Say what you will about Rotten Tomatoes – when a movie scores 98%, it’s usually pretty damn good. Pixar’s latest offering, Inside Out, scored 98%, so Betsy and I saw it, and I can confirm it’s pretty damn good. For my money, it’s tied with The Incredibles for best Pixar film. And that’s saying something.

The premise is simple. Every person’s mind can be visualized as a mini world, overseen by the personifications of five main emotions: Joy, Sadness, Anger (Lewis Black!), Fear, and Disgust. Our hero, an eleven-year-old girl named Riley, has these little guys in her head like everyone else. Of the five, Joy is the leader – or at least first among equals – and the other four all share her goal of making Riley happy.

When Riley and her family move from her hometown (in Minnesota, eh?) to San Francisco, she does her best to cope. It’s a struggle, but she’s a positive kid – Joy has done her work well.

And then one day, Joy and Sadness get yanked out of Headquarters. To get back, they’re forced into a journey across the vast expanse of Riley’s mind. Meanwhile, Riley is left with only Anger, Fear, and Disgust running the show. She has lost the capacity for both happiness and genuine sadness. Her life spirals rapidly. Her relationships break down. She stops caring about anything. Finally, she loses the ability to feel any real emotion at all. She’s dying inside.

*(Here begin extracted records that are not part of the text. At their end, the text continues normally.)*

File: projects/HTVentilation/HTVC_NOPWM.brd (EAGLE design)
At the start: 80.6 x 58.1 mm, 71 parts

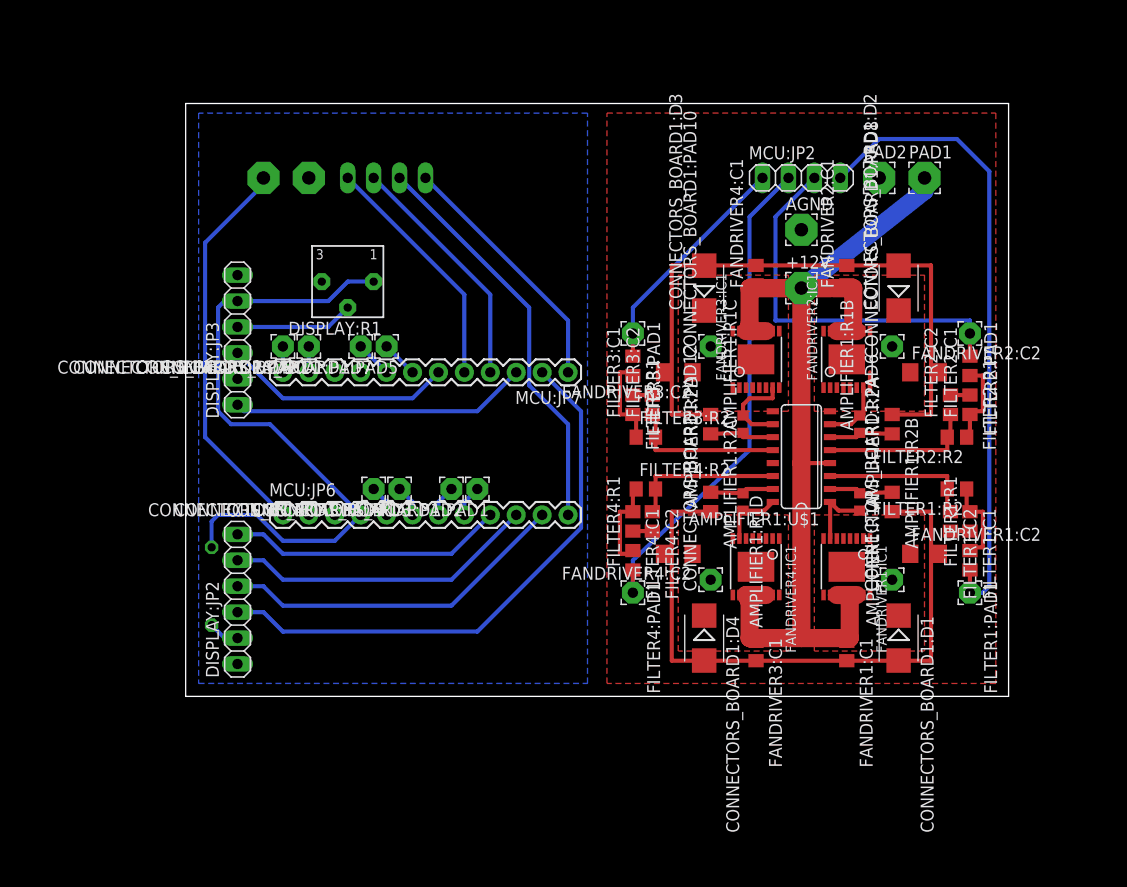
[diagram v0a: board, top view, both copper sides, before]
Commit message: added no smd version
through hole non temperature controlled version
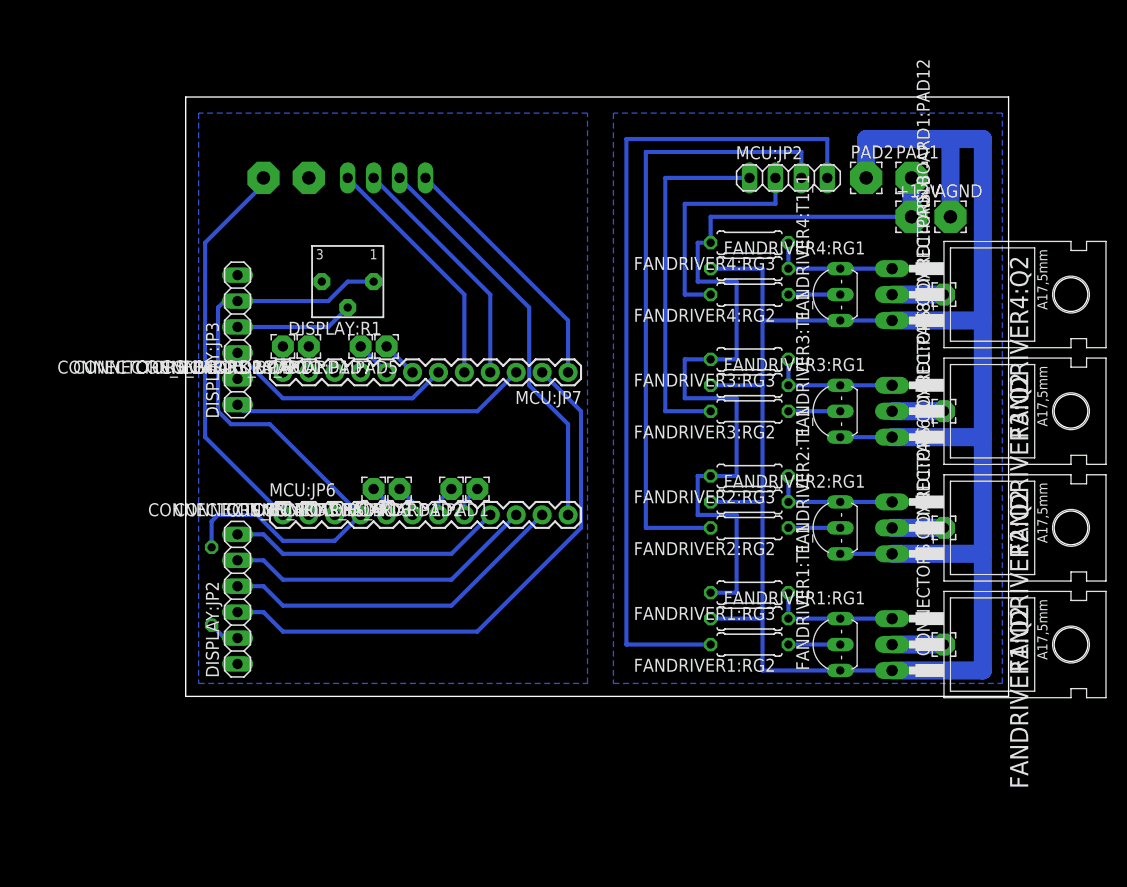
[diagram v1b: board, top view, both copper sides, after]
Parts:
- removed AMPLIFIER1:R1A, AMPLIFIER1:R1B, AMPLIFIER1:R1C, AMPLIFIER1:R1D: 14K, rcl:R0603
- removed AMPLIFIER1:R2A, AMPLIFIER1:R2B, AMPLIFIER1:R2C, AMPLIFIER1:R2D: 10K, resistor:R0805
- removed AMPLIFIER1:U$1: LT1014, nervus:SO16
- removed CONNECTORS_BOARD1:D1, CONNECTORS_BOARD1:D2, CONNECTORS_BOARD1:D3, CONNECTORS_BOARD1:D4: MBRS240LT3, nervus:SMB-403A
- removed FANDRIVER1:C1, FANDRIVER2:C1, FANDRIVER3:C1, FANDRIVER4:C1: 2.2uF, rcl:C0805
- removed FANDRIVER1:C2, FANDRIVER2:C2, FANDRIVER3:C2, FANDRIVER4:C2: 10uF, rcl:C1206
- removed FANDRIVER1:IC1, FANDRIVER2:IC1, FANDRIVER3:IC1, FANDRIVER4:IC1: LT3083EFE, nervus:TSSOP16EXP
- removed FILTER1:C1, FILTER1:C2, FILTER2:C1, FILTER2:C2, FILTER3:C1, FILTER3:C2, FILTER4:C1, FILTER4:C2: 100n, resistor:C0805
- removed FILTER1:PAD1, FILTER2:PAD1, FILTER3:PAD1, FILTER4:PAD1: (no value), wirepad:2,15/1,0
- removed FILTER1:R1, FILTER1:R2, FILTER2:R1, FILTER2:R2, FILTER3:R1, FILTER3:R2, FILTER4:R1, FILTER4:R2: 100K, resistor:R0805
- added FANDRIVER1:Q2, FANDRIVER2:Q2, FANDRIVER3:Q2, FANDRIVER4:Q2: IRF510, transistor-fet:TO220
- added FANDRIVER1:RG1, FANDRIVER1:RG3, FANDRIVER2:RG1, FANDRIVER2:RG3, FANDRIVER3:RG1, FANDRIVER3:RG3, FANDRIVER4:RG1, FANDRIVER4:RG3: 10K, rcl:0207/7
- added FANDRIVER1:RG2, FANDRIVER2:RG2, FANDRIVER3:RG2, FANDRIVER4:RG2: 1K, rcl:0207/7
- added FANDRIVER1:T1_1, FANDRIVER2:T1_1, FANDRIVER3:T1_1, FANDRIVER4:T1_1: 2N2222, adafruit:TO92-EBC-OVAL
- moved CONNECTORS_BOARD1:PAD12 36.1 mm to (74.3, 39.4)
- moved CONNECTORS_BOARD1:PAD10 23.7 mm to (74.3, 27.9)
- moved CONNECTORS_BOARD1:PAD8 18.5 mm to (74.3, 16.5)
- moved AGND 14.7 mm to (74.9, 47.0)
- moved +12V 12.9 mm to (71.1, 47.0)
- moved CONNECTORS_BOARD1:PAD6 8.13 mm to (74.3, 5.08)
- moved MCU:JP2 1.27 mm to (59.1, 50.8)
- moved PAD1 1.27 mm to (71.1, 50.8)
- moved PAD2 1.27 mm to (66.7, 50.8)
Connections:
- removed net AMPLIFIER1:N$1: AMPLIFIER1:R1B.1, AMPLIFIER1:R2B.2, AMPLIFIER1:U$1.6
- removed net AMPLIFIER1:N$2: AMPLIFIER1:R1C.1, AMPLIFIER1:R2C.2, AMPLIFIER1:U$1.11
- removed net AMPLIFIER1:N$3: AMPLIFIER1:R1D.1, AMPLIFIER1:R2D.2, AMPLIFIER1:U$1.15
- removed net AMPLIFIER1:N$9: AMPLIFIER1:R1A.1, AMPLIFIER1:R2A.2, AMPLIFIER1:U$1.2
- removed net FILTER1:N$8: FILTER1:C1.1, FILTER1:R1.2, FILTER1:R2.1
- removed net FILTER2:N$8: FILTER2:C1.1, FILTER2:R1.2, FILTER2:R2.1
- removed net FILTER3:N$8: FILTER3:C1.1, FILTER3:R1.2, FILTER3:R2.1
- removed net FILTER4:N$8: FILTER4:C1.1, FILTER4:R1.2, FILTER4:R2.1
- removed net N$45: AMPLIFIER1:U$1.3, FILTER1:C2.1, FILTER1:R2.2
- removed net N$46: AMPLIFIER1:U$1.5, FILTER2:C2.1, FILTER2:R2.2
- removed net N$47: AMPLIFIER1:U$1.12, FILTER3:C2.1, FILTER3:R2.2
- removed net N$48: AMPLIFIER1:U$1.14, FILTER4:C2.1, FILTER4:R2.2
- removed net N$49: AMPLIFIER1:R1A.2, AMPLIFIER1:U$1.1, FANDRIVER1:IC1.7
- removed net N$50: AMPLIFIER1:R1B.2, AMPLIFIER1:U$1.7, FANDRIVER2:IC1.7
- removed net N$51: AMPLIFIER1:R1C.2, AMPLIFIER1:U$1.10, FANDRIVER3:IC1.7
- removed net N$52: AMPLIFIER1:R1D.2, AMPLIFIER1:U$1.16, FANDRIVER4:IC1.7
- new net FANDRIVER1:N$10: FANDRIVER1:RG2.1, FANDRIVER1:T1_1.B
- new net FANDRIVER1:N$15: FANDRIVER1:Q2.1, FANDRIVER1:RG1.2, FANDRIVER1:RG3.1, FANDRIVER1:T1_1.C
- new net FANDRIVER2:N$10: FANDRIVER2:RG2.1, FANDRIVER2:T1_1.B
- new net FANDRIVER2:N$15: FANDRIVER2:Q2.1, FANDRIVER2:RG1.2, FANDRIVER2:RG3.1, FANDRIVER2:T1_1.C
- new net FANDRIVER3:N$10: FANDRIVER3:RG2.1, FANDRIVER3:T1_1.B
- new net FANDRIVER3:N$15: FANDRIVER3:Q2.1, FANDRIVER3:RG1.2, FANDRIVER3:RG3.1, FANDRIVER3:T1_1.C
- new net FANDRIVER4:N$10: FANDRIVER4:RG2.1, FANDRIVER4:T1_1.B
- new net FANDRIVER4:N$15: FANDRIVER4:Q2.1, FANDRIVER4:RG1.2, FANDRIVER4:RG3.1, FANDRIVER4:T1_1.C
- net AGND: now also FANDRIVER1:Q2.3, FANDRIVER1:RG1.1, FANDRIVER1:T1_1.E, FANDRIVER2:Q2.3, FANDRIVER2:RG1.1, FANDRIVER2:T1_1.E, FANDRIVER3:Q2.3, FANDRIVER3:RG1.1, FANDRIVER3:T1_1.E, FANDRIVER4:Q2.3, FANDRIVER4:RG1.1, FANDRIVER4:T1_1.E; no longer AMPLIFIER1:R2A.1, AMPLIFIER1:R2B.1, AMPLIFIER1:R2C.1, AMPLIFIER1:R2D.1, AMPLIFIER1:U$1.13, CONNECTORS_BOARD1:D1.A, CONNECTORS_BOARD1:D2.A, CONNECTORS_BOARD1:D3.A, CONNECTORS_BOARD1:D4.A, FANDRIVER1:C1.2, FANDRIVER1:C2.2, FANDRIVER2:C1.2, FANDRIVER2:C2.2, FANDRIVER3:C1.2, FANDRIVER3:C2.2, FANDRIVER4:C1.2, FANDRIVER4:C2.2, FILTER1:C1.2, FILTER1:C2.2, FILTER2:C1.2, FILTER2:C2.2, FILTER3:C1.2, FILTER3:C2.2, FILTER4:C1.2, FILTER4:C2.2
- net N$10: now also FANDRIVER3:Q2.2; no longer CONNECTORS_BOARD1:D3.C, FANDRIVER3:C2.1, FANDRIVER3:IC1.1, FANDRIVER3:IC1.16, FANDRIVER3:IC1.2, FANDRIVER3:IC1.3, FANDRIVER3:IC1.4, FANDRIVER3:IC1.5, FANDRIVER3:IC1.6, FANDRIVER3:IC1.8, FANDRIVER3:IC1.9, FANDRIVER3:IC1.EXP
- net N$11: now also FANDRIVER2:Q2.2; no longer CONNECTORS_BOARD1:D2.C, FANDRIVER2:C2.1, FANDRIVER2:IC1.1, FANDRIVER2:IC1.16, FANDRIVER2:IC1.2, FANDRIVER2:IC1.3, FANDRIVER2:IC1.4, FANDRIVER2:IC1.5, FANDRIVER2:IC1.6, FANDRIVER2:IC1.8, FANDRIVER2:IC1.9, FANDRIVER2:IC1.EXP
- net N$12: now also FANDRIVER1:Q2.2; no longer CONNECTORS_BOARD1:D1.C, FANDRIVER1:C2.1, FANDRIVER1:IC1.1, FANDRIVER1:IC1.16, FANDRIVER1:IC1.2, FANDRIVER1:IC1.3, FANDRIVER1:IC1.4, FANDRIVER1:IC1.5, FANDRIVER1:IC1.6, FANDRIVER1:IC1.8, FANDRIVER1:IC1.9, FANDRIVER1:IC1.EXP
- net N$21: now also FANDRIVER1:RG2.2; no longer FILTER1:PAD1.1, FILTER1:R1.1
- net N$22: now also FANDRIVER2:RG2.2; no longer FILTER2:PAD1.1, FILTER2:R1.1
- net N$23: now also FANDRIVER3:RG2.2; no longer FILTER3:PAD1.1, FILTER3:R1.1
- net N$37: now also FANDRIVER4:RG2.2; no longer FILTER4:PAD1.1, FILTER4:R1.1
- net N$9: now also FANDRIVER4:Q2.2; no longer CONNECTORS_BOARD1:D4.C, FANDRIVER4:C2.1, FANDRIVER4:IC1.1, FANDRIVER4:IC1.16, FANDRIVER4:IC1.2, FANDRIVER4:IC1.3, FANDRIVER4:IC1.4, FANDRIVER4:IC1.5, FANDRIVER4:IC1.6, FANDRIVER4:IC1.8, FANDRIVER4:IC1.9, FANDRIVER4:IC1.EXP
- net VCC: now also FANDRIVER1:RG3.2, FANDRIVER2:RG3.2, FANDRIVER3:RG3.2, FANDRIVER4:RG3.2; no longer AMPLIFIER1:U$1.4, FANDRIVER1:C1.1, FANDRIVER1:IC1.10, FANDRIVER1:IC1.11, FANDRIVER1:IC1.12, FANDRIVER1:IC1.13, FANDRIVER1:IC1.14, FANDRIVER1:IC1.15, FANDRIVER2:C1.1, FANDRIVER2:IC1.10, FANDRIVER2:IC1.11, FANDRIVER2:IC1.12, FANDRIVER2:IC1.13, FANDRIVER2:IC1.14, FANDRIVER2:IC1.15, FANDRIVER3:C1.1, FANDRIVER3:IC1.10, FANDRIVER3:IC1.11, FANDRIVER3:IC1.12, FANDRIVER3:IC1.13, FANDRIVER3:IC1.14, FANDRIVER3:IC1.15, FANDRIVER4:C1.1, FANDRIVER4:IC1.10, FANDRIVER4:IC1.11, FANDRIVER4:IC1.12, FANDRIVER4:IC1.13, FANDRIVER4:IC1.14, FANDRIVER4:IC1.15
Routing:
- net AGND: track 132.8 -> 205.7 mm
- net N$37: track 89.2 -> 62.7 mm
- net N$22: track 61.9 -> 84.7 mm
- net VCC: track 145.9 -> 124.3 mm
- net N$21: track 86.3 -> 105.1 mm
- net N$46: track 15.6 -> 0.00 mm
- net N$48: track 15.3 -> 0.00 mm
- net N$45: track 15.1 -> 0.00 mm
- net N$47: track 15.1 -> 0.00 mm
- net N$23: track 47.6 -> 60.4 mm
- net FANDRIVER4:N$15: track 0.00 -> 12.7 mm
- net FANDRIVER3:N$15: track 0.00 -> 12.7 mm
- net FANDRIVER2:N$15: track 0.00 -> 12.7 mm
- net FANDRIVER1:N$15: track 0.00 -> 12.7 mm
- net FILTER3:N$8: track 9.97 -> 0.00 mm
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- removed copper zone on layer 1, net AGND
- removed copper zone on layer 1, net N$10
- removed copper zone on layer 1, net N$11
- removed copper zone on layer 1, net N$12
- removed copper zone on layer 1, net N$9
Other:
- board size 80.6 x 58.1 mm -> 80.6 x 58.7 mm

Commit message: new items in the lib + new 4 layer board
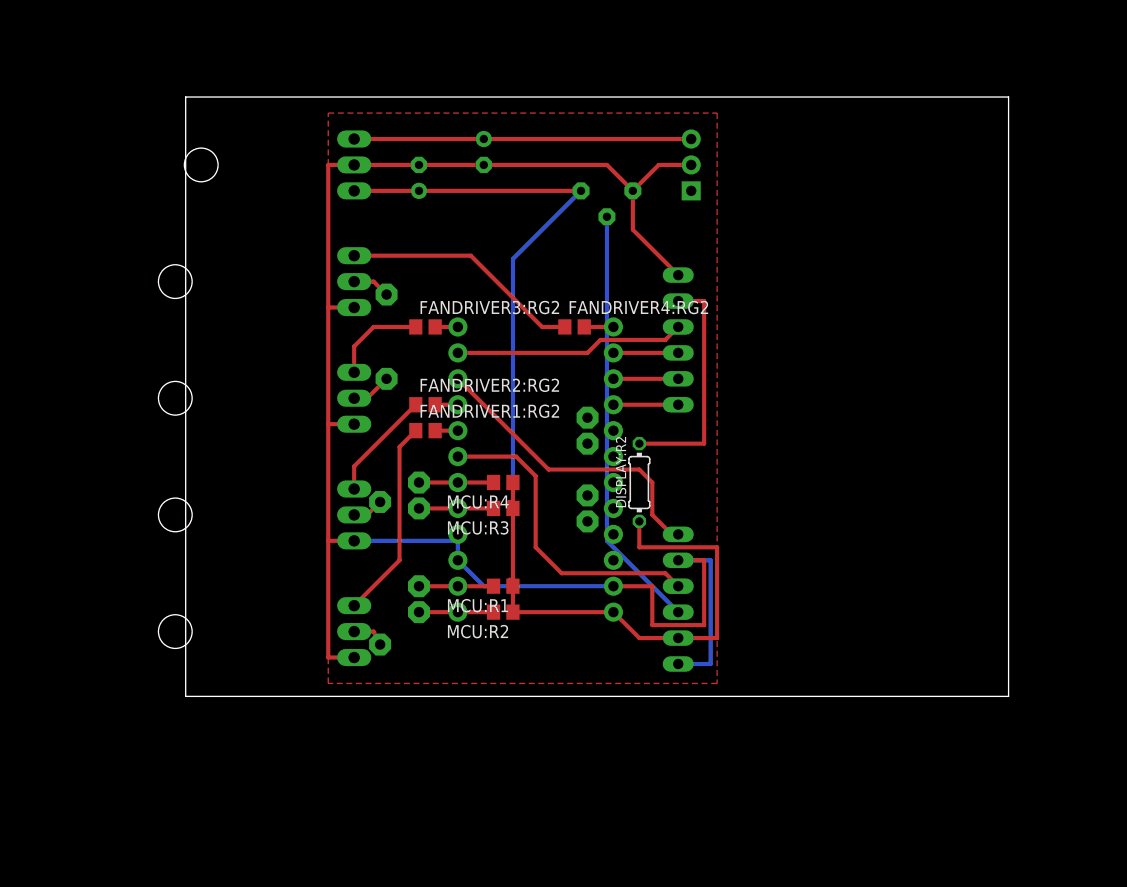
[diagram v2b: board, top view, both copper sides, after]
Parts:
- removed +12V, +12V1, AGND, AGND9, PAD1, PAD2: (no value), wirepad:3,17/1,3
- removed FANDRIVER1:Q2, FANDRIVER2:Q2, FANDRIVER3:Q2, FANDRIVER4:Q2: IRF510, transistor-fet:TO220
- removed FANDRIVER1:RG1, FANDRIVER1:RG3, FANDRIVER2:RG1, FANDRIVER2:RG3, FANDRIVER3:RG1, FANDRIVER3:RG3, FANDRIVER4:RG1, FANDRIVER4:RG3: 10K, rcl:0207/7
- removed MCU:JP1, MCU:JP2: (no value), pinhead:1X04
- added C1: 0.33uF, rcl:E2,5-6
- added C2: 0.1uF, rcl:E2,5-6
- added IC1: 7805T, linear:TO220H
- added JP1: (no value), SparkFun-Connectors:MOLEX-1X3
- added MCU:R1, MCU:R2, MCU:R3, MCU:R4: 10K, rcl:R0805
- FANDRIVER1:RG2, FANDRIVER2:RG2, FANDRIVER3:RG2, FANDRIVER4:RG2: device rcl:0207/7 -> rcl:R0805
- FANDRIVER1:T1_1, FANDRIVER2:T1_1, FANDRIVER3:T1_1, FANDRIVER4:T1_1: value 2N2222 -> TIP120; device adafruit:TO92-EBC-OVAL -> transistor-power:TO220AH
- moved CONNECTORS_BOARD1:PAD8 55.3 mm to (19.1, 19.1), flipped to the bottom
- moved CONNECTORS_BOARD1:PAD6 55.2 mm to (19.1, 5.08), flipped to the bottom
- moved CONNECTORS_BOARD1:PAD10 54.7 mm to (19.7, 31.1), flipped to the bottom
- moved CONNECTORS_BOARD1:PAD12 54.6 mm to (19.7, 39.4), flipped to the bottom
- moved FANDRIVER1:T1_1 52.7 mm to (10.2, 6.35), flipped to the bottom, turned to 270 degrees
- moved FANDRIVER2:T1_1 52.7 mm to (10.2, 17.8), flipped to the bottom, turned to 270 degrees
- moved FANDRIVER3:T1_1 52.7 mm to (10.2, 29.2), flipped to the bottom, turned to 270 degrees
- moved FANDRIVER4:T1_1 52.7 mm to (10.2, 40.6), flipped to the bottom, turned to 270 degrees
- moved DISPLAY:JP2 50.1 mm to (48.3, 34.9), flipped to the bottom, turned to 270 degrees
- moved DISPLAY:JP3 50.1 mm to (48.3, 9.53), flipped to the bottom, turned to 270 degrees
- moved DISPLAY:R2 43.1 mm to (44.5, 21.0), flipped to the top, turned to 90 degrees
- moved FANDRIVER1:RG2 38.0 mm to (23.5, 26.0), turned to 0 degrees
- moved FANDRIVER2:RG2 34.0 mm to (23.5, 28.6), turned to 0 degrees
- moved MCU:JP6 33.8 mm to (41.9, 8.26), flipped to the bottom, turned to 90 degrees
- moved FANDRIVER3:RG2 32.8 mm to (23.5, 36.2), turned to 0 degrees
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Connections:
- removed net FANDRIVER1:N$15: FANDRIVER1:Q2.1, FANDRIVER1:RG1.2, FANDRIVER1:RG3.1, FANDRIVER1:T1_1.C
- removed net FANDRIVER2:N$15: FANDRIVER2:Q2.1, FANDRIVER2:RG1.2, FANDRIVER2:RG3.1, FANDRIVER2:T1_1.C
- removed net FANDRIVER3:N$15: FANDRIVER3:Q2.1, FANDRIVER3:RG1.2, FANDRIVER3:RG3.1, FANDRIVER3:T1_1.C
- removed net FANDRIVER4:N$15: FANDRIVER4:Q2.1, FANDRIVER4:RG1.2, FANDRIVER4:RG3.1, FANDRIVER4:T1_1.C
- new net MCU:5VOUT: MCU:JP6.4
- net +5V: now also C2.+, IC1.3, MCU:JP6.1, MCU:R1.1, MCU:R2.1, MCU:R3.1, MCU:R4.1; no longer MCU:JP6.4
- net AGND: now also C1.-, C2.-, IC1.2, JP1.2; no longer AGND.1, AGND9.1, FANDRIVER1:Q2.3, FANDRIVER1:RG1.1, FANDRIVER2:Q2.3, FANDRIVER2:RG1.1, FANDRIVER3:Q2.3, FANDRIVER3:RG1.1, FANDRIVER4:Q2.3, FANDRIVER4:RG1.1, PAD2.1
- net N$10: now also FANDRIVER3:T1_1.C; no longer FANDRIVER3:Q2.2
- net N$11: now also FANDRIVER2:T1_1.C; no longer FANDRIVER2:Q2.2
- net N$12: now also FANDRIVER1:T1_1.C; no longer FANDRIVER1:Q2.2
- net N$21: no longer MCU:JP1.4, MCU:JP2.4
- net N$22: no longer MCU:JP1.3, MCU:JP2.3
- net N$23: no longer MCU:JP1.1, MCU:JP2.1
- net N$37: no longer MCU:JP1.2, MCU:JP2.2
- net N$9: now also FANDRIVER4:T1_1.C; no longer FANDRIVER4:Q2.2
- net TACH0: now also MCU:R4.2
- net TACH1: now also MCU:R3.2
- net TACH2: now also MCU:R2.2
- net TACH3: now also MCU:R1.2
- net VCC: now also C1.+, IC1.1, JP1.3; no longer +12V.1, +12V1.1, FANDRIVER1:RG3.2, FANDRIVER2:RG3.2, FANDRIVER3:RG3.2, FANDRIVER4:RG3.2, MCU:JP6.1, PAD1.1
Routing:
- net N$21: track 105.1 -> 2.23 mm
- net VCC: track 124.3 -> 33.0 mm
- net N$22: track 84.7 -> 2.23 mm
- net N$37: track 62.7 -> 2.86 mm
- net N$23: track 60.4 -> 2.23 mm
- net +5V: track 64.1 -> 110.1 mm
- net N$6: track 55.5 -> 22.6 mm
- net AGND: track 205.7 -> 173.9 mm
- net DISPLAY:N$1: track 11.6 -> 41.6 mm
- net N$5: track 34.3 -> 6.35 mm
- net N$4: track 30.7 -> 6.35 mm
- net N$3: track 27.1 -> 6.35 mm
- net DISPLAY:N$2: track 3.07 -> 22.9 mm
- net FANDRIVER4:N$10: track 5.08 -> 23.5 mm
- net FANDRIVER1:N$10: track 5.08 -> 19.6 mm
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- added copper zone on layer 1, net _GND
- removed copper zone on layer 16, net AGND

They never spell it out, but it’s abundantly clear what’s happening. Riley, an eleven-year-old girl, is sinking into clinical depression.

And if you think that’s heavy, how about the conclusion of the film: that mere happiness is not the goal of life; that sadness and joy are symbiotically linked, like yin and yang, and neither can exist without the other; that Riley can only grow up by accepting that sadness is a fundamental part of who she is.

Pretty adult stuff for a Disney cartoon. I mean, when they bust out the PG rating, you know shit has gotten real.

What's happening to our daughter?

What’s happening to our daughter?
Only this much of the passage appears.